If you have no budget limitations and don't care if the ride quality takes a serious hit, then you can do whatever you like. 
Good luck.


_Modified by SouthboroAudiGuy at 12:58 AM 1/25/2007_


----------



## DTOYVR6 (Jun 3, 2003)

*Re: 19s or 20s on a 4.2? (SouthboroAudiGuy)*

i understand everything ur saying but i just dont think 17s or 18s even look good on the car. if i were keeping those sizes i would just stay with factory. as for performance im not looking for a race car. my 4.2 is for cruising. i dont beat on it and i dont usually take corners at 120mph. i have another car for that. i live in NYC where potholes are a way of life and since day one of owning any car ive been riding around on nothing more than 40 series tires my whole driving career







. my 300zx has 35 in back and 40 in front on 18s. my wifes jetta is running 40 all around on 18s. i had a VR6 jetta before riding around on streched 40s on 16in porsche wheels. it all about how you drive. i know where every pothole is in this city and if theres a road i dont know i will be more careful. 
so bottom line is im just going for looks even though i have coilovers and swaybars for the car







thanks for your input though audiguy http://****************.com/smile/emthup.gif 
any body have some nice pics?


----------



## SouthboroAudiGuy (Jun 20, 2006)

*Re: 19s or 20s on a 4.2? (DTOYVR6)*

Sounds like you know your way around a car so I"ll assume you know the risks & issues of going low profile. One reality check for you though... 
With 19"s or 20"s you'll be ULTRA low profile. In the 30-35 aspect ratio range. That's NOT a lot of rubber to ride over all those potholes. Follow the link in my sig to my registry. There, you'll see my car on 17"s. Gets lots of compliments even though it's awfully far away from slammed and banded. I think the appearance is affected a great deal by the wheel itself. The right 18" can look better than the wrong 19/20".
Good luck!


----------



## DTOYVR6 (Jun 3, 2003)

*Re: 19s or 20s on a 4.2? (SouthboroAudiGuy)*

yea i hear ya. but i never go into potholes. always aroun them. if i do get 19s or 20s it will either be the A8 spoke wheels or a BBS LM look wheel. the rim will definitely be nice. no funny looking stuff. http://****************.com/smile/emthup.gif 
i agree with you on the right 18 is good too but i want to get 18s for the winter because i got some all season 18s for free. i just have to get some rims for cheap. 
your car does look nice with the 17s by the way. very clean. you had it from new? 
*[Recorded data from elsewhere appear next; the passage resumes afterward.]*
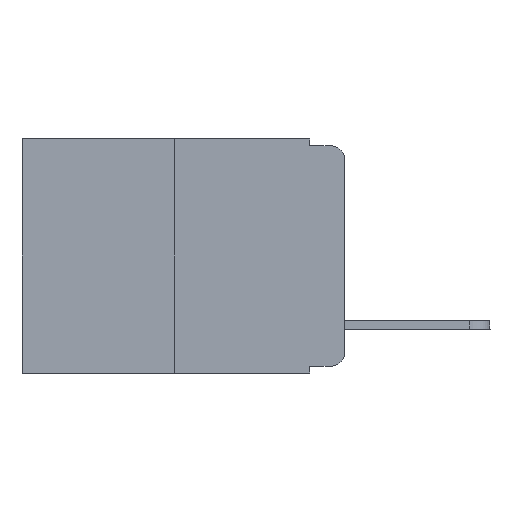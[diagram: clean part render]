
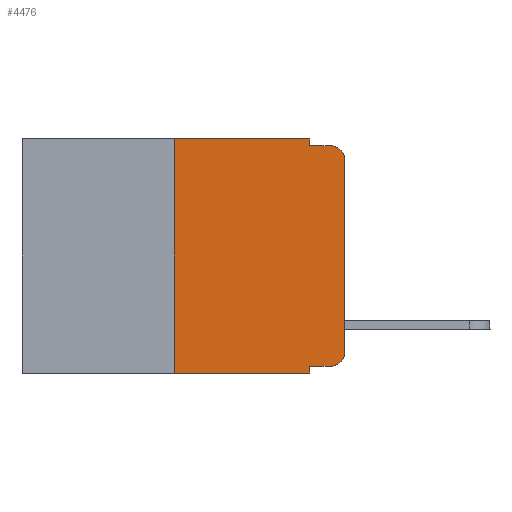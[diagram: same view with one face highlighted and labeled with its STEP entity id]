
A CAD part, left-side view. The second image highlights one B-rep face of the part: STEP entity #4476.
In plain terms, the highlighted planar face has unit normal (-1, 0, 0).
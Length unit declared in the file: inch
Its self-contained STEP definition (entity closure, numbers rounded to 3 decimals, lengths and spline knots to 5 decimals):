
#442 = CARTESIAN_POINT ( 'NONE',  ( 0., 0.051, -0.01 ) ) ;
#798 = LINE ( 'NONE', #17212, #4544 ) ;
#979 = CARTESIAN_POINT ( 'NONE',  ( 0., 0.051, 0. ) ) ;
#1085 = CARTESIAN_POINT ( 'NONE',  ( 0., 0.473, -0.343 ) ) ;
#1108 = CARTESIAN_POINT ( 'NONE',  ( 0., 0.25, 0. ) ) ;
#1208 = CARTESIAN_POINT ( 'NONE',  ( 0., 0.02, -0.01 ) ) ;
#1666 = ORIENTED_EDGE ( 'NONE', *, *, #7295, .T. ) ;
#1728 = ORIENTED_EDGE ( 'NONE', *, *, #10086, .F. ) ;
#1919 = DIRECTION ( 'NONE',  ( 0., 0., -1. ) ) ;
#1965 = VERTEX_POINT ( 'NONE', #13311 ) ;
#2070 = VERTEX_POINT ( 'NONE', #1208 ) ;
#2619 = CARTESIAN_POINT ( 'NONE',  ( 0., 0., 0. ) ) ;
#2867 = VERTEX_POINT ( 'NONE', #5008 ) ;
#3179 = EDGE_CURVE ( 'NONE', #11602, #1965, #798, .T. ) ;
#3484 = VERTEX_POINT ( 'NONE', #12973 ) ;
#3833 = LINE ( 'NONE', #15953, #13489 ) ;
#3897 = CARTESIAN_POINT ( 'NONE',  ( 0., 0.25, -0.343 ) ) ;
#4006 = DIRECTION ( 'NONE',  ( 0., 0., -1. ) ) ;
#4344 = VECTOR ( 'NONE', #10549, 39.37008 ) ;
#4468 = DIRECTION ( 'NONE',  ( 0., -1., 0. ) ) ;
#4476 = ADVANCED_FACE ( 'NONE', ( #13530 ), #5257, .F. ) ;
#4544 = VECTOR ( 'NONE', #8793, 39.37008 ) ;
#4792 = DIRECTION ( 'NONE',  ( -1., 0., 0. ) ) ;
#5008 = CARTESIAN_POINT ( 'NONE',  ( 0., 0., -0.313 ) ) ;
#5257 = PLANE ( 'NONE',  #6210 ) ;
#5330 = CIRCLE ( 'NONE', #13062, 0.02 ) ;
#5639 = CARTESIAN_POINT ( 'NONE',  ( 0., 0.473, 0. ) ) ;
#5649 = LINE ( 'NONE', #11311, #15410 ) ;
#6210 = AXIS2_PLACEMENT_3D ( 'NONE', #5639, #14944, #6429 ) ;
#6221 = ORIENTED_EDGE ( 'NONE', *, *, #10276, .F. ) ;
#6332 = VERTEX_POINT ( 'NONE', #442 ) ;
#6368 = DIRECTION ( 'NONE',  ( 0., -1., 0. ) ) ;
#6429 = DIRECTION ( 'NONE',  ( 0., 0., -1. ) ) ;
#6510 = DIRECTION ( 'NONE',  ( 0., 0., -1. ) ) ;
#7126 = EDGE_CURVE ( 'NONE', #1965, #2867, #11357, .T. ) ;
#7200 = CARTESIAN_POINT ( 'NONE',  ( 0., 0.051, 0. ) ) ;
#7295 = EDGE_CURVE ( 'NONE', #10444, #2070, #5330, .T. ) ;
#7815 = DIRECTION ( 'NONE',  ( 0., -1., 0. ) ) ;
#8274 = VERTEX_POINT ( 'NONE', #3897 ) ;
#8667 = EDGE_CURVE ( 'NONE', #2867, #10444, #9216, .T. ) ;
#8793 = DIRECTION ( 'NONE',  ( 0., -1., 0. ) ) ;
#9214 = ORIENTED_EDGE ( 'NONE', *, *, #11904, .F. ) ;
#9215 = EDGE_CURVE ( 'NONE', #6332, #2070, #3833, .T. ) ;
#9216 = LINE ( 'NONE', #2619, #12619 ) ;
#9274 = ORIENTED_EDGE ( 'NONE', *, *, #7126, .T. ) ;
#9351 = ORIENTED_EDGE ( 'NONE', *, *, #8667, .T. ) ;
#9912 = LINE ( 'NONE', #7200, #16957 ) ;
#10042 = ORIENTED_EDGE ( 'NONE', *, *, #10547, .T. ) ;
#10086 = EDGE_CURVE ( 'NONE', #8274, #3484, #13391, .T. ) ;
#10276 = EDGE_CURVE ( 'NONE', #11602, #14035, #9912, .T. ) ;
#10444 = VERTEX_POINT ( 'NONE', #10701 ) ;
#10547 = EDGE_CURVE ( 'NONE', #8274, #14035, #17671, .T. ) ;
#10549 = DIRECTION ( 'NONE',  ( 0., 0., 1. ) ) ;
#10561 = VERTEX_POINT ( 'NONE', #979 ) ;
#10701 = CARTESIAN_POINT ( 'NONE',  ( 0., 0., -0.03 ) ) ;
#11159 = ORIENTED_EDGE ( 'NONE', *, *, #14209, .F. ) ;
#11311 = CARTESIAN_POINT ( 'NONE',  ( 0., 0.473, 0. ) ) ;
#11357 = CIRCLE ( 'NONE', #13076, 0.02 ) ;
#11602 = VERTEX_POINT ( 'NONE', #11777 ) ;
#11641 = VECTOR ( 'NONE', #4006, 39.37008 ) ;
#11665 = EDGE_LOOP ( 'NONE', ( #9351, #1666, #14797, #11159, #9214, #1728, #10042, #6221, #14967, #9274 ) ) ;
#11777 = CARTESIAN_POINT ( 'NONE',  ( 0., 0.051, -0.333 ) ) ;
#11904 = EDGE_CURVE ( 'NONE', #3484, #10561, #5649, .T. ) ;
#12619 = VECTOR ( 'NONE', #13225, 39.37008 ) ;
#12714 = CARTESIAN_POINT ( 'NONE',  ( 0., 0.051, -0.343 ) ) ;
#12973 = CARTESIAN_POINT ( 'NONE',  ( 0., 0.25, 0. ) ) ;
#13062 = AXIS2_PLACEMENT_3D ( 'NONE', #17085, #4792, #1919 ) ;
#13076 = AXIS2_PLACEMENT_3D ( 'NONE', #16016, #14588, #6510 ) ;
#13225 = DIRECTION ( 'NONE',  ( 0., 0., 1. ) ) ;
#13311 = CARTESIAN_POINT ( 'NONE',  ( 0., 0.02, -0.333 ) ) ;
#13369 = VECTOR ( 'NONE', #7815, 39.37008 ) ;
#13391 = LINE ( 'NONE', #1108, #4344 ) ;
#13489 = VECTOR ( 'NONE', #6368, 39.37008 ) ;
#13530 = FACE_OUTER_BOUND ( 'NONE', #11665, .T. ) ;
#13598 = CARTESIAN_POINT ( 'NONE',  ( 0., 0.051, 0. ) ) ;
#14035 = VERTEX_POINT ( 'NONE', #12714 ) ;
#14209 = EDGE_CURVE ( 'NONE', #10561, #6332, #16193, .T. ) ;
#14588 = DIRECTION ( 'NONE',  ( -1., 0., 0. ) ) ;
#14797 = ORIENTED_EDGE ( 'NONE', *, *, #9215, .F. ) ;
#14944 = DIRECTION ( 'NONE',  ( 1., 0., 0. ) ) ;
#14967 = ORIENTED_EDGE ( 'NONE', *, *, #3179, .T. ) ;
#15333 = DIRECTION ( 'NONE',  ( 0., 0., -1. ) ) ;
#15410 = VECTOR ( 'NONE', #4468, 39.37008 ) ;
#15953 = CARTESIAN_POINT ( 'NONE',  ( 0., 0.051, -0.01 ) ) ;
#16016 = CARTESIAN_POINT ( 'NONE',  ( 0., 0.02, -0.313 ) ) ;
#16193 = LINE ( 'NONE', #13598, #11641 ) ;
#16957 = VECTOR ( 'NONE', #15333, 39.37008 ) ;
#17085 = CARTESIAN_POINT ( 'NONE',  ( 0., 0.02, -0.03 ) ) ;
#17212 = CARTESIAN_POINT ( 'NONE',  ( 0., 0.051, -0.333 ) ) ;
#17671 = LINE ( 'NONE', #1085, #13369 ) ;

_Modified by DTOYVR6 at 11:30 AM 1-25-2007_


----------



## SouthboroAudiGuy (Jun 20, 2006)

*Re: 19s or 20s on a 4.2? (DTOYVR6)*

Bought her used about a year ago. Five years old, but she only had 28k on her. Up to around 48k now. Been a GREAT ride. Scored the wheels for eBay for a song.
Nice chatting with you and good luck with the wheels.


----------



## B4 VARIANT STYLE!!! (Aug 14, 2003)

*Re: 19s or 20s on a 4.2? (DTOYVR6)*

20s in Queens...you're asking for trouble. Personally, I wouldn't go larger than 18s, but my suggestion to you if you really want bigger wheels, max out at 19s. 20s are overkill and probably would look too big (IMO). But, again dropped well enough on 18s would be best for looks. 
Good luck to you.


----------



## aoei74 (Jan 14, 2004)

go for 19's, I have no problem riding on them at all, and here in Vancouver Canada the roads can get a bit sketchy once in awhile. 20's are a bit on the big side, plus you'll have trouble finding tires that will fit without screwing up your speedo. Just my $0.02
Andy


----------



## 911RS6 (Jan 27, 2007)

*Re: 19s or 20s on a 4.2? (DTOYVR6)*

Ultimately, it's your car and you sound confident enough to modify to your personal taste. That's what "tuning" is all about. It's personal. I too have 20's for my S6...But that decision is based on what I like. The rolling radius is the same all-around, I drive 40 minutes--all highway--to work, and like you, I go out of my way to avoid ALL potholes. I have 30's up front and 25s in the rear. H&R coilovers and H-Sport sways. Sure I feel the road more than most....but with 19's on most A4's, they just looked too small on my 6. Post the pics when when you get your new shoes!


----------



## DTOYVR6 (Jun 3, 2003)

*Re: 19s or 20s on a 4.2? (911RS6)*


_Quote, originally posted by *911RS6* »_Ultimately, it's your car and you sound confident enough to modify to your personal taste. That's what "tuning" is all about. It's personal. I too have 20's for my S6...But that decision is based on what I like. The rolling radius is the same all-around, I drive 40 minutes--all highway--to work, and like you, I go out of my way to avoid ALL potholes. I have 30's up front and 25s in the rear. H&R coilovers and H-Sport sways. Sure I feel the road more than most....but with 19's on most A4's, they just looked too small on my 6. Post the pics when when you get your new shoes!

u have pics?


----------



## DTOYVR6 (Jun 3, 2003)

*Re: 19s or 20s on a 4.2? (DTOYVR6)*

well i came across some used 19s with tires on Sat. and i bought them. they are called WALD wheels and are made in japan. i never knew about this wheel company. they only make wheels and body kits for high end european cars. all the sites i found their rims on had no prices. they all said "call for price" so you know what that means







well anyways looks like i came aross a diamond in the rough. turns out these wheels are very expensive. some sites have the model i have and some have them in 3 piece designs.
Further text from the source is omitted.